I tried to do that as well, but as far as I can tell https://pkg.go.dev/k8s.io/[email protected]/rest#Config doesn't expose anything related to discovery. It's being handled here https://github.com/kubernetes/cli-runtime/blob/4fdf49ae46a0caa7fafdfe97825c6129d5153f06/pkg/genericclioptions/config_flags.go#L269-L289 (which is also where I presume the values set by the UpdateQPS callback are overwritten).
Ping @karlkfi @justinsb Are we ready to merge this ?
No. It's not safe to disable discoveryQPS and discoveryBurst unless we know server-side throttling is enabled.

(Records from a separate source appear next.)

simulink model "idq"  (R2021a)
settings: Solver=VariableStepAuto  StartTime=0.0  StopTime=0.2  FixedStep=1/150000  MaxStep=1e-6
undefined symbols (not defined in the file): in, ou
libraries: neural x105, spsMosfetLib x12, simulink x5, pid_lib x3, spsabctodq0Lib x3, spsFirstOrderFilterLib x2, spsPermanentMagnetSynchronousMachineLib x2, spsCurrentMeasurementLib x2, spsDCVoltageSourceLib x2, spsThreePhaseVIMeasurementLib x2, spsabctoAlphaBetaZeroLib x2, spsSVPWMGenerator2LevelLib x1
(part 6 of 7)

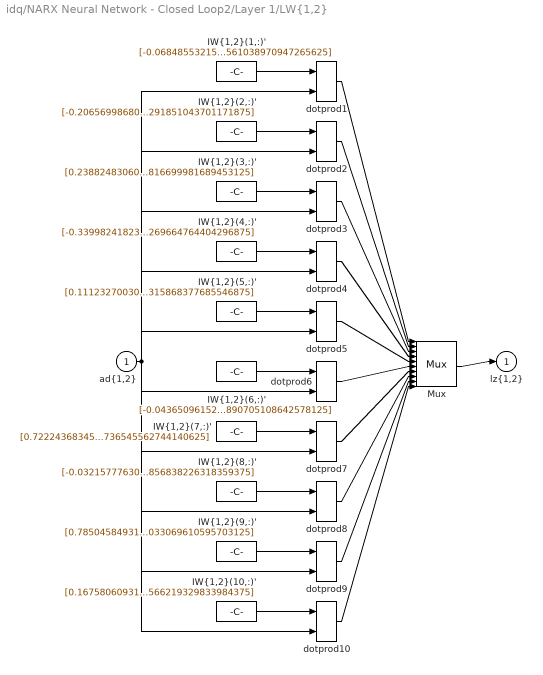
== system idq/NARX Neural Network - Closed Loop2/Layer 1/LW{1,2} ==
  "ad{1,2}" : Inport  PortDimensions=10  SampleTime=1e-05
      mask Display: e = 0.06;c1 = [120 230 180]/255;c2 = ([120 230 180]+0)/(256+128);c3 = ([120 230 180]+128)/(256+128);patch([0 1 1 0],[0 0 1 1],c1);patch([0 1 1 1-e 1-e 0+e],[0 0 1 1-e 0+e 0+e],c2);patch([0 0 1 1-e 0+e 0+e],[0 1 1 1-e 1-e 0+e],c3);plot([0 1 1 0 0],[0 0 1 1 0]);
  "IW{1,2}(1,:)'" : Constant  Value=[-0.06848553215792078929791131258753011934459209442138671875;-0.168183592807916448830241051837219856679439544677734375;-0.0232648098321999417803507270718910149298608303070068359375;0.0222599968251831863141898537605811725370585918426513671875;0.1559933939712914441333424520053085871040821075439453125;0.1043118802673528022761928468753467313945293426513671875;-0.10830870825632206433386528487972100265324115753173828125;-0.06587364865356681864483334720716811716556549072265625;0.1045799553153159144880390840626205317676067352294921875;-0.0238569322650025207599444598827176378108561038970947265625]
      mask Display: e = 0.06;c1 = [120 150 230]/255;c2 = ([120 150 230]+0)/383;c3 = ([120 150 230]+128)/383;patch([0 1 1 0],[0 0 1 1],c1);patch([0 1 1 1-e 1-e 0+e],[0 0 1 1-e 0+e 0+e],c2);patch([0 0 1 1-e 0+e 0+e],[0 1 1 1-e 1-e 0+e],c3);plot([0 1 1 0 0],[0 0 1 1 0]);disp('weights');
  "IW{1,2}(10,:)'" : Constant  Value=[0.167580609319410267499250721812131814658641815185546875;-0.033693308851453822316823760729675996117293834686279296875;-0.02316251894436265057475310413792612962424755096435546875;-0.1505391673267879870667940167550113983452320098876953125;0.0771320191346646921726204482183675281703472137451171875;-0.01480470085334451534053723520401035784743726253509521484375;0.01030379682128204459068410159261475200764834880828857421875;0.0170955227174202674389480449690381647087633609771728515625;-0.1803345239355904905398375603908789344131946563720703125;0.1414515538710732212024367981939576566219329833984375]
      mask Display: e = 0.06;c1 = [120 150 230]/255;c2 = ([120 150 230]+0)/383;c3 = ([120 150 230]+128)/383;patch([0 1 1 0],[0 0 1 1],c1);patch([0 1 1 1-e 1-e 0+e],[0 0 1 1-e 0+e 0+e],c2);patch([0 0 1 1-e 0+e 0+e],[0 1 1 1-e 1-e 0+e],c3);plot([0 1 1 0 0],[0 0 1 1 0]);disp('weights');
  "IW{1,2}(2,:)'" : Constant  Value=[-0.206569986808232075592428600430139340460300445556640625;-0.17704285291305799088235062299645505845546722412109375;0.067029514515075272473865197753184475004673004150390625;-0.11298701828022028603726312212529592216014862060546875;0.44502267784332227851251673200749792158603668212890625;0.0635628244876923209627506139440811239182949066162109375;-0.31596978877279990882698257337324321269989013671875;-0.159523136450386238127663318664417602121829986572265625;-0.026269199652980655679268551239147200249135494232177734375;0.193965717402612980446718893290380947291851043701171875]
      mask Display: e = 0.06;c1 = [120 150 230]/255;c2 = ([120 150 230]+0)/383;c3 = ([120 150 230]+128)/383;patch([0 1 1 0],[0 0 1 1],c1);patch([0 1 1 1-e 1-e 0+e],[0 0 1 1-e 0+e 0+e],c2);patch([0 0 1 1-e 0+e 0+e],[0 1 1 1-e 1-e 0+e],c3);plot([0 1 1 0 0],[0 0 1 1 0]);disp('weights');
  "IW{1,2}(3,:)'" : Constant  Value=[0.2388248306077005722602990545055945403873920440673828125;-0.022260383608824006740345424759652814827859401702880859375;-0.11939523610495351990667955988101311959326267242431640625;-0.1639270891371009952752757499183644540607929229736328125;0.39292260806126522165726555613218806684017181396484375;0.13655922559615196743010301361209712922573089599609375;-0.20158757850580144577179453335702419281005859375;-0.2125949397905498583494221520595601759850978851318359375;0.214255988741538339059644613371347077190876007080078125;0.0736149453097654504762914484672364778816699981689453125]
      mask Display: e = 0.06;c1 = [120 150 230]/255;c2 = ([120 150 230]+0)/383;c3 = ([120 150 230]+128)/383;patch([0 1 1 0],[0 0 1 1],c1);patch([0 1 1 1-e 1-e 0+e],[0 0 1 1-e 0+e 0+e],c2);patch([0 0 1 1-e 0+e 0+e],[0 1 1 1-e 1-e 0+e],c3);plot([0 1 1 0 0],[0 0 1 1 0]);disp('weights');
  "IW{1,2}(4,:)'" : Constant  Value=[-0.339982418230844685158587026307941414415836334228515625;0.06286791591134743839575094170868396759033203125;0.042782434851617374971244345260856789536774158477783203125;0.61568812941807304905950104512157849967479705810546875;-0.484514132046519330199174646622850559651851654052734375;-0.0970863636307574273676124221310601569712162017822265625;0.1572777042332852148742716735796420834958553314208984375;0.20099707904543751002535145744332112371921539306640625;0.235554356615042037592644419419229961931705474853515625;-0.3985764861287808269452170861768536269664764404296875]
      mask Display: e = 0.06;c1 = [120 150 230]/255;c2 = ([120 150 230]+0)/383;c3 = ([120 150 230]+128)/383;patch([0 1 1 0],[0 0 1 1],c1);patch([0 1 1 1-e 1-e 0+e],[0 0 1 1-e 0+e 0+e],c2);patch([0 0 1 1-e 0+e 0+e],[0 1 1 1-e 1-e 0+e],c3);plot([0 1 1 0 0],[0 0 1 1 0]);disp('weights');
  "IW{1,2}(5,:)'" : Constant  Value=[0.11123270030713751366224784078440279699862003326416015625;0.0441165371646720372300620738315046764910221099853515625;0.0337872497512030356414669540754402987658977508544921875;-0.1605454306752725213147670046964776702225208282470703125;0.0023510123039627607577362056190395378507673740386962890625;0.0243052304300900023914522307677543722093105316162109375;0.025135399965839778924081571176429861225187778472900390625;-0.02490004066075475475106060230245930142700672149658203125;-0.03397034171832931381818099225711193867027759552001953125;0.09640861696046380824309807167082908563315868377685546875]
      mask Display: e = 0.06;c1 = [120 150 230]/255;c2 = ([120 150 230]+0)/383;c3 = ([120 150 230]+128)/383;patch([0 1 1 0],[0 0 1 1],c1);patch([0 1 1 1-e 1-e 0+e],[0 0 1 1-e 0+e 0+e],c2);patch([0 0 1 1-e 0+e 0+e],[0 1 1 1-e 1-e 0+e],c3);plot([0 1 1 0 0],[0 0 1 1 0]);disp('weights');
  "IW{1,2}(6,:)'" : Constant  Value=[-0.043650961523407139086572215092019177973270416259765625;-0.0310808465779854707633500510155499796383082866668701171875;0.020776758678725339157811191626024083234369754791259765625;0.00987290351155388490322906136498204432427883148193359375;0.033604488073563969219303970703549566678702831268310546875;-0.05455938140951634152120419685161323286592960357666015625;-0.0510714350539601957823521161117241717875003814697265625;0.045197639986406086543002658117984537966549396514892578125;-0.0495999610894839182417825895754504017531871795654296875;-0.007247288368574862638116229618390207178890705108642578125]
      mask Display: e = 0.06;c1 = [120 150 230]/255;c2 = ([120 150 230]+0)/383;c3 = ([120 150 230]+128)/383;patch([0 1 1 0],[0 0 1 1],c1);patch([0 1 1 1-e 1-e 0+e],[0 0 1 1-e 0+e 0+e],c2);patch([0 0 1 1-e 0+e 0+e],[0 1 1 1-e 1-e 0+e],c3);plot([0 1 1 0 0],[0 0 1 1 0]);disp('weights');
  "IW{1,2}(7,:)'" : Constant  Value=[0.72224368345128520108033853830420412123203277587890625;-0.29672427963986247601013701569172553718090057373046875;-0.5219792424542266662257361531374044716358184814453125;-0.35115714045900736639538308736518956720829010009765625;0.40301906060842485057804651660262607038021087646484375;0.10200757360121469330405119535498670302331447601318359375;-0.03903474384426190713082149841284262947738170623779296875;0.0407956879638946556809742105542682111263275146484375;0.27212331081209339966875404570600949227809906005859375;0.120339102854654600438522038530209101736545562744140625]
      mask Display: e = 0.06;c1 = [120 150 230]/255;c2 = ([120 150 230]+0)/383;c3 = ([120 150 230]+128)/383;patch([0 1 1 0],[0 0 1 1],c1);patch([0 1 1 1-e 1-e 0+e],[0 0 1 1-e 0+e 0+e],c2);patch([0 0 1 1-e 0+e 0+e],[0 1 1 1-e 1-e 0+e],c3);plot([0 1 1 0 0],[0 0 1 1 0]);disp('weights');
  "IW{1,2}(8,:)'" : Constant  Value=[-0.03215777630550940846543284123981720767915248870849609375;-0.15179539790991791736729510375880636274814605712890625;0.044477295640847402946604915996431373059749603271484375;-0.383254418254840578672570927665219642221927642822265625;0.555254658952926138937300493125803768634796142578125;0.4168867115597614247946012255852110683917999267578125;-0.2437911984166573342580619510044925846159458160400390625;-0.6246901165206126815832021748065017163753509521484375;0.72781955521921093410497860531904734671115875244140625;-0.007339261862083799881073531423680833540856838226318359375]
      mask Display: e = 0.06;c1 = [120 150 230]/255;c2 = ([120 150 230]+0)/383;c3 = ([120 150 230]+128)/383;patch([0 1 1 0],[0 0 1 1],c1);patch([0 1 1 1-e 1-e 0+e],[0 0 1 1-e 0+e 0+e],c2);patch([0 0 1 1-e 0+e 0+e],[0 1 1 1-e 1-e 0+e],c3);plot([0 1 1 0 0],[0 0 1 1 0]);disp('weights');
  "IW{1,2}(9,:)'" : Constant  Value=[0.78504584931199727915185349047533236443996429443359375;0.252420705465960681923576203189441002905368804931640625;-0.446249033364787661692929532364360056817531585693359375;0.006236623888100943646772833517388789914548397064208984375;-0.229719455430527019768049967751721851527690887451171875;0.132202063827780824656343838796601630747318267822265625;0.186514759811286179314038236043415963649749755859375;0.1583920339325100845595528653575456701219081878662109375;0.418456055887584332797501929235295392572879791259765625;-0.399445269839285910240533894466352649033069610595703125]
      mask Display: e = 0.06;c1 = [120 150 230]/255;c2 = ([120 150 230]+0)/383;c3 = ([120 150 230]+128)/383;patch([0 1 1 0],[0 0 1 1],c1);patch([0 1 1 1-e 1-e 0+e],[0 0 1 1-e 0+e 0+e],c2);patch([0 0 1 1-e 0+e 0+e],[0 1 1 1-e 1-e 0+e],c3);plot([0 1 1 0 0],[0 0 1 1 0]);disp('weights');
  Mux : Mux  Inputs=10
      mask Display: e = 0.06;c1 = [120 150 230]/255;c2 = ([120 150 230]+0)/383;c3 = ([120 150 230]+128)/383;patch([0 1 1 0],[0 0 1 1],c1);patch([0 1 1 1-e 1-e 0+e],[0 0 1 1-e 0+e 0+e],c2);patch([0 0 1 1-e 0+e 0+e],[0 1 1 1-e 1-e 0+e],c3);plot([0 1 1 0 0],[0 0 1 1 0]);disp('Mux');
  dotprod{1..10} (10 alike) : neural/Weight Functions/dotprod
  "lz{1,2}" : Outport
      mask Display: e = 0.06;c1 = [120 230 180]/255;c2 = ([120 230 180]+0)/(256+128);c3 = ([120 230 180]+128)/(256+128);patch([0 1 1 0],[0 0 1 1],c1);patch([0 1 1 1-e 1-e 0+e],[0 0 1 1-e 0+e 0+e],c2);patch([0 0 1 1-e 0+e 0+e],[0 1 1 1-e 1-e 0+e],c3);plot([0 1 1 0 0],[0 0 1 1 0]);
  wires:
  "IW{1,2}(1,:)'"/1 -> dotprod1/1
  "ad{1,2}"/1 -> dotprod1/2, dotprod2/2, dotprod3/2, dotprod4/2, dotprod5/2, dotprod6/2, dotprod7/2, dotprod8/2, dotprod9/2, dotprod10/2
  dotprod1/1 -> Mux/1
  "IW{1,2}(2,:)'"/1 -> dotprod2/1
  dotprod2/1 -> Mux/2
  "IW{1,2}(3,:)'"/1 -> dotprod3/1
  dotprod3/1 -> Mux/3
  "IW{1,2}(4,:)'"/1 -> dotprod4/1
  dotprod4/1 -> Mux/4
  "IW{1,2}(5,:)'"/1 -> dotprod5/1
  dotprod5/1 -> Mux/5
  "IW{1,2}(6,:)'"/1 -> dotprod6/1
  dotprod6/1 -> Mux/6
  "IW{1,2}(7,:)'"/1 -> dotprod7/1
  dotprod7/1 -> Mux/7
  "IW{1,2}(8,:)'"/1 -> dotprod8/1
  dotprod8/1 -> Mux/8
  "IW{1,2}(9,:)'"/1 -> dotprod9/1
  dotprod9/1 -> Mux/9
  "IW{1,2}(10,:)'"/1 -> dotprod10/1
  dotprod10/1 -> Mux/10
  Mux/1 -> "lz{1,2}"/1

== system idq/NARX Neural Network - Closed Loop2/Layer 2/Delays 1 ==
  "p{2}" : Inport  PortDimensions=10  SampleTime=1e-05
      mask Display: e = 0.06;c1 = [120 230 180]/255;c2 = ([120 230 180]+0)/(256+128);c3 = ([120 230 180]+128)/(256+128);patch([0 1 1 0],[0 0 1 1],c1);patch([0 1 1 1-e 1-e 0+e],[0 0 1 1-e 0+e 0+e],c2);patch([0 0 1 1-e 0+e 0+e],[0 1 1 1-e 1-e 0+e],c3);plot([0 1 1 0 0],[0 0 1 1 0]);
  mux : Mux  Inputs=1
      mask Display: e = 0.06;c1 = [120 150 230]/255;c2 = ([120 150 230]+0)/383;c3 = ([120 150 230]+128)/383;patch([0 1 1 0],[0 0 1 1],c1);patch([0 1 1 1-e 1-e 0+e],[0 0 1 1-e 0+e 0+e],c2);patch([0 0 1 1-e 0+e 0+e],[0 1 1 1-e 1-e 0+e],c3);plot([0 1 1 0 0],[0 0 1 1 0]);disp('Mux')
  "pd{2,1}" : Outport
      mask Display: e = 0.06;c1 = [120 230 180]/255;c2 = ([120 230 180]+0)/(256+128);c3 = ([120 230 180]+128)/(256+128);patch([0 1 1 0],[0 0 1 1],c1);patch([0 1 1 1-e 1-e 0+e],[0 0 1 1-e 0+e 0+e],c2);patch([0 0 1 1-e 0+e 0+e],[0 1 1 1-e 1-e 0+e],c3);plot([0 1 1 0 0],[0 0 1 1 0]);
  wires:
  "p{2}"/1 -> mux/1
  mux/1 -> "pd{2,1}"/1

== system idq/NARX Neural Network - Closed Loop2/Layer 2/LW{2,1} ==
  "ad{2,1}" : Inport  PortDimensions=10  SampleTime=1e-05
      mask Display: e = 0.06;c1 = [120 230 180]/255;c2 = ([120 230 180]+0)/(256+128);c3 = ([120 230 180]+128)/(256+128);patch([0 1 1 0],[0 0 1 1],c1);patch([0 1 1 1-e 1-e 0+e],[0 0 1 1-e 0+e 0+e],c2);patch([0 0 1 1-e 0+e 0+e],[0 1 1 1-e 1-e 0+e],c3);plot([0 1 1 0 0],[0 0 1 1 0]);
  "IW{2,1}(1,:)'" : Constant  Value=[-1.8024487538491762439463172995601780712604522705078125;1.7858415231748401286182570402161218225955963134765625;-1.0516660228917158459438496720395050942897796630859375;-1.321897069778581457200061777257360517978668212890625;2.196982273081371506151526773464865982532501220703125;1.3943035974706512458709539714618586003780364990234375;-0.9205379723976834238641231422661803662776947021484375;1.012472143579025374293678396497853100299835205078125;1.0636810315768301382632898821611888706684112548828125;-2.066348426610085997623400544398464262485504150390625]
      mask Display: e = 0.06;c1 = [120 150 230]/255;c2 = ([120 150 230]+0)/383;c3 = ([120 150 230]+128)/383;patch([0 1 1 0],[0 0 1 1],c1);patch([0 1 1 1-e 1-e 0+e],[0 0 1 1-e 0+e 0+e],c2);patch([0 0 1 1-e 0+e 0+e],[0 1 1 1-e 1-e 0+e],c3);plot([0 1 1 0 0],[0 0 1 1 0]);disp('weights');
  Mux : Mux  Inputs=1
      mask Display: e = 0.06;c1 = [120 150 230]/255;c2 = ([120 150 230]+0)/383;c3 = ([120 150 230]+128)/383;patch([0 1 1 0],[0 0 1 1],c1);patch([0 1 1 1-e 1-e 0+e],[0 0 1 1-e 0+e 0+e],c2);patch([0 0 1 1-e 0+e 0+e],[0 1 1 1-e 1-e 0+e],c3);plot([0 1 1 0 0],[0 0 1 1 0]);disp('Mux');
  dotprod1 : neural/Weight Functions/dotprod
  "lz{2,1}" : Outport
      mask Display: e = 0.06;c1 = [120 230 180]/255;c2 = ([120 230 180]+0)/(256+128);c3 = ([120 230 180]+128)/(256+128);patch([0 1 1 0],[0 0 1 1],c1);patch([0 1 1 1-e 1-e 0+e],[0 0 1 1-e 0+e 0+e],c2);patch([0 0 1 1-e 0+e 0+e],[0 1 1 1-e 1-e 0+e],c3);plot([0 1 1 0 0],[0 0 1 1 0]);
  wires:
  "IW{2,1}(1,:)'"/1 -> dotprod1/1
  "ad{2,1}"/1 -> dotprod1/2
  dotprod1/1 -> Mux/1
  Mux/1 -> "lz{2,1}"/1

== system idq/Time Delay Neural Network1/Layer 1/Delays 1 ==
  "p{1}" : Inport  PortDimensions=4  SampleTime=1e-05
      mask Display: e = 0.06;c1 = [120 230 180]/255;c2 = ([120 230 180]+0)/(256+128);c3 = ([120 230 180]+128)/(256+128);patch([0 1 1 0],[0 0 1 1],c1);patch([0 1 1 1-e 1-e 0+e],[0 0 1 1-e 0+e 0+e],c2);patch([0 0 1 1-e 0+e 0+e],[0 1 1 1-e 1-e 0+e],c3);plot([0 1 1 0 0],[0 0 1 1 0]);
  Delay 1 : UnitDelay  InitialCondition=pi_input_1_delayed_1  SampleTime=1e-05
      mask Display: e = 0.06;c1 = [120 150 230]/255;c2 = ([120 150 230]+0)/383;c3 = ([120 150 230]+128)/383;patch([0 1 1 0],[0 0 1 1],c1);patch([0 1 1 1-e 1-e 0+e],[0 0 1 1-e 0+e 0+e],c2);patch([0 0 1 1-e 0+e 0+e],[0 1 1 1-e 1-e 0+e],c3);plot([0 1 1 0 0],[0 0 1 1 0]);disp('D')
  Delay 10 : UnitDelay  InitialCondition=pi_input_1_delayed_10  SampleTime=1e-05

That's what the code in UpdateQPS is doing.
Unfortunately, it means that lookup logic needs to be pulled out and done earlier, so it can influence QPS in both use cases, because ConfigFlags.toDiscoveryClient() overrides the values in QPS and BurstQPS with what's in discoveryQPS and discoveryBurst.
Looks like this is now causing test failure in TestFnRender and TestFnEval.
Lots of logs like:
W0805 22:39:22.871596 75576 factory.go:71] Failed to query apiserver to check for flow control enablement: making /livez/ping request: dial tcp [::1]:8080: connect: connection refused
It's possible this is now trying to query the server before the connection is configured. I guess because WrapConfigFn used to delay the call until later in the process.
I wonder if WrapConfigFn could be injected with a pointer to the ConfigFlags and modify them when run, instead of just modifying the rest.Config. Would that work, or is that too late to modify the flags struct?
Ok, wrapped everything in a closure and that fixed the tests. And I don't think it's too late because WrapConfigFn is called (in f.ToRestConfig) before Burst and QPS are set.
https://github.com/kubernetes/cli-runtime/blob/4fdf49ae46a0caa7fafdfe97825c6129d5153f06/pkg/genericclioptions/config_flags.go#L269-L289
We've probably want to update kpt-config-sync too. And we JUST migrated the source of truth to GitHub yesterday for that, so we can accept PRs now. Is that something you're interested in doing now that we know the change to make? I think the code is very similar there, if it's not already using this function (which would mean needing a kpt dep bump after the next kpt release).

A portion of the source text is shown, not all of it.